Hasil perhitungan ulang kerugian ekonomi yang dihimpun Tacconi (2003), menunjukkan
bahwa kebakaran hutan Indonesia telah menelan kerugian antara US $ 2,84 milayar sampai
US $ 4,86 milyar yang meliputi kerugian yang dinilai dengan uang dan kerugian yang tidak
dinilai dengan uang. Kerugian tersebut mencakup kerusakan yang terkait dengan kebakaran
seperti kayu, kematian pohon, HTI, kebun, bangunan, biaya pengendalian dan sebagainya
serta biaya yang terkait dengan kabut asap seperti kesehatan, pariwisata dan transportasi.
I. Dampak Kebakaran Hutan
1. Dampak Kebakaran Hutan terhadap Lingkungan Biologis
Yang dimaksud dengan lingkungan biologi yaitu segala sesuatu di sekitar manusia yang
berupa organisme hidup selain dari manusia itu sendiri seperti hewan, tumbuhan, dan
decomposer. Dampak yang ditimbulkan dari adanya kebakaran hutan khususnya terhadap
lingkungan biologis antara lain sebagai berikut:
a. Terhadap flora dan fauna
Kebakaran hutan akan memusnahkan sebagian spesies dan merusak kesimbangan
alam sehingga spesies-spesies yang berpotensi menjadi hama tidak terkontrol. Selain
itu, terbakarnya hutan akan membuat Hilangnya sejumlah spesies; selain membakar
aneka flora, kebakaran hutan juga mengancam kelangsungan hidup sejumlah
binatang. Berbagai spesies endemik (tumbuhan maupun hewan) terancam punah
akibat kebakaran hutan. Selain itu, kebakaran hutan dapat mengakibatkan
terbunuhnya satwa liar dan musnahnya tanaman baik karena kebakaran, terjebak

asap atau rusaknya habitat. Kebakaran juga dapat menyebabkan banyak spesies
endemik/khas di suatu daerah turut punah sebelum sempat dikenali/diteliti.

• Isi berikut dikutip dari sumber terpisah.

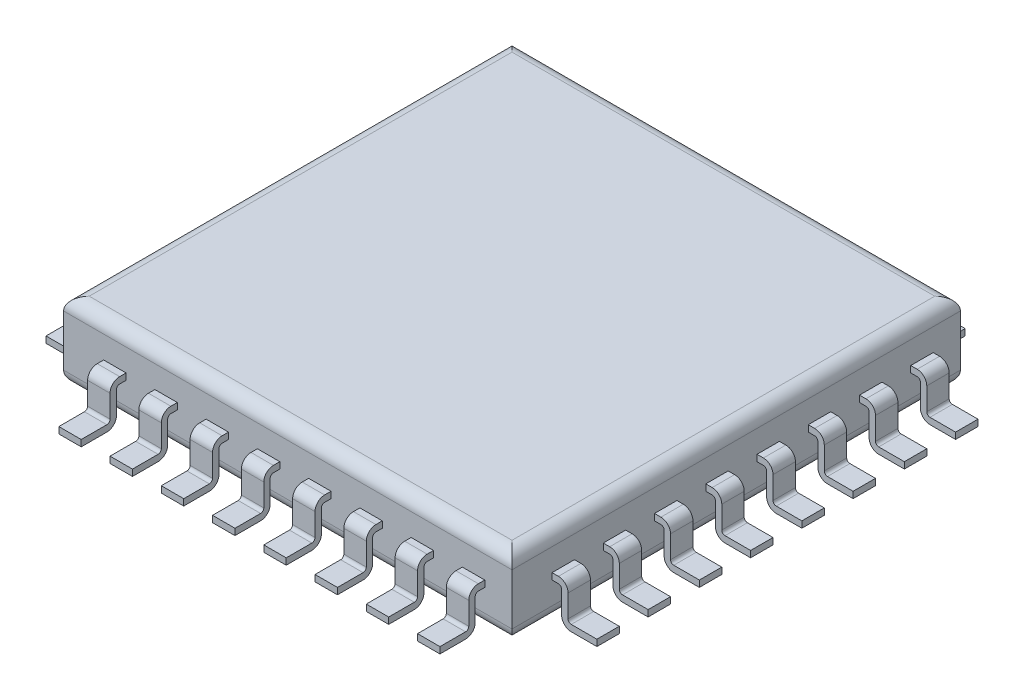
SolidWorks part; units mm, degrees
ref_plane "Front" through (0, 0, 0) normal (0, 0, 1) x (1, 0, 0)
ref_plane "Top" through (0, 0, 0) normal (0, 1, 0) x (1, 0, 0)
ref_plane "Right" through (0, 0, 0) normal (1, 0, 0) x (0, 0, -1)
sketch "Sketch1" plane through (0, 0, 0) normal (0, 1, 0) x (1, 0, 0)
  line L1 (-3.5, -3.5) -> (3.5, -3.5)
  line L2 (-3.5, -3.5) -> (-3.5, 3.5)
  line L3 (-3.5, 3.5) -> (3.5, 3.5)
  line L4 (3.5, -3.5) -> (3.5, 3.5)
  line L5 (-3.5, -3.5) -> (3.5, 3.5) construction
  line L6 (-3.5, 3.5) -> (3.5, -3.5) construction
  point P0 (0, 0)
  dimension "D1" = 7
  dimension "D2" = 7
extrude "Boss-Extrude1" add sketch "Sketch1" along normal blind 1.2
fillet "Fillet1" radius 0.2 8 edges at (0, 0, -3.5) (-3.5, 0, 0) (0, 0, 3.5) (3.5, 0, 0) (0, 1.2, -3.5) (3.5, 1.2, 0) (0, 1.2, 3.5) (-3.5, 1.2, 0)
ref_plane "Plane1" through (0, 0, -2.7) normal (0, 0, -1) x (-1, 0, 0)
sketch "Sketch2" plane through (0, 0, -2.7) normal (0, 0, -1) x (-1, 0, 0)
  line L0 (3.5, 0.6) -> (3.6, 0.6)
  line L1 (3.7, 0.5) -> (3.7, 0.15)
  line L2 (3.8, 0.05) -> (4.2, 0.05)
  line L3 (3.5, 1) -> (3.5, 0.2) construction
  line L4 (-3.3, 0) -> (3.3, 0) construction
  arc A0 (3.7, 0.15) -> (3.8, 0.05) centre (3.8, 0.15) ccw
  arc A1 (3.6, 0.6) -> (3.7, 0.5) centre (3.6, 0.5) cw
  point P10 (3.7, 0.05)
  point P13 (3.7, 0.6)
  dimension "D4" = 0.1
  dimension "D1" = 0.2
  dimension "D2" = 0.05
  dimension "D3" = 0.5
sketch "Sketch3" plane through (-3.5, 0, 0) normal (-1, 0, 0) x (0, 0, 1)
  line L1 (-2.875, 0.55) -> (-2.525, 0.55)
  line L2 (-2.875, 0.55) -> (-2.875, 0.65)
  line L3 (-2.875, 0.65) -> (-2.525, 0.65)
  line L4 (-2.525, 0.55) -> (-2.525, 0.65)
  line L5 (-2.875, 0.55) -> (-2.525, 0.65) construction
  line L6 (-2.875, 0.65) -> (-2.525, 0.55) construction
  point P0 (-2.7, 0.6)
  dimension "D1" = 0.1
  dimension "D2" = 0.35
sweep "Sweep1" add profiles "Sketch3" path "Sketch2"
pattern_linear "LPattern1" count 8 spacing 0.8 along (0, 0, 1) of "Sweep1"
ref_axis "Axis1" through (0, 50, 0) along (0, -1, 0)
pattern_circular "CirPattern1" count 4 over 360 about axis through (0, 50, 0) along (0, -1, 0) of "LPattern1"

Beberapa dampak kebakaran tehadap hewan dan tumbuhan antara lain sebagai
berikut:
–BANGSA BINATANG
Kebakaran hutan akan mengakibatkan banyak binatang yang akan kehilangan
tempat tinggal yang digunakan untuk berlindung serta tempat untuk mencarimakan.
Dengan demikian, hewan yang tidak dapat beradaptasi dengan lingkungan baru
setelah terjadinya kebakaran tersebut akan mengalami penurunan jumlah bahkan
dapat mengalami kepunahan.
Contoh dampak kebakaran hutan bagi beberapa hewan antara lain sebagai berikut:
a. Geobin : seluruh daur hidupnya di dalam tubuh tanah (Ciliophora, Rhizopoda &
Mastigophora, dll).
b. Geofil : sebagian daur hidupnya di dalam tubuh tanah (serangga)
–BANGSA TUMBUHAN
Kehidupan tumbuhan berhubungan erat dengan hutan yang merupakan tempat
hidupnya. Kebakaran hutan dapat mengakibatkan berkurangnya vegetasi tertentu.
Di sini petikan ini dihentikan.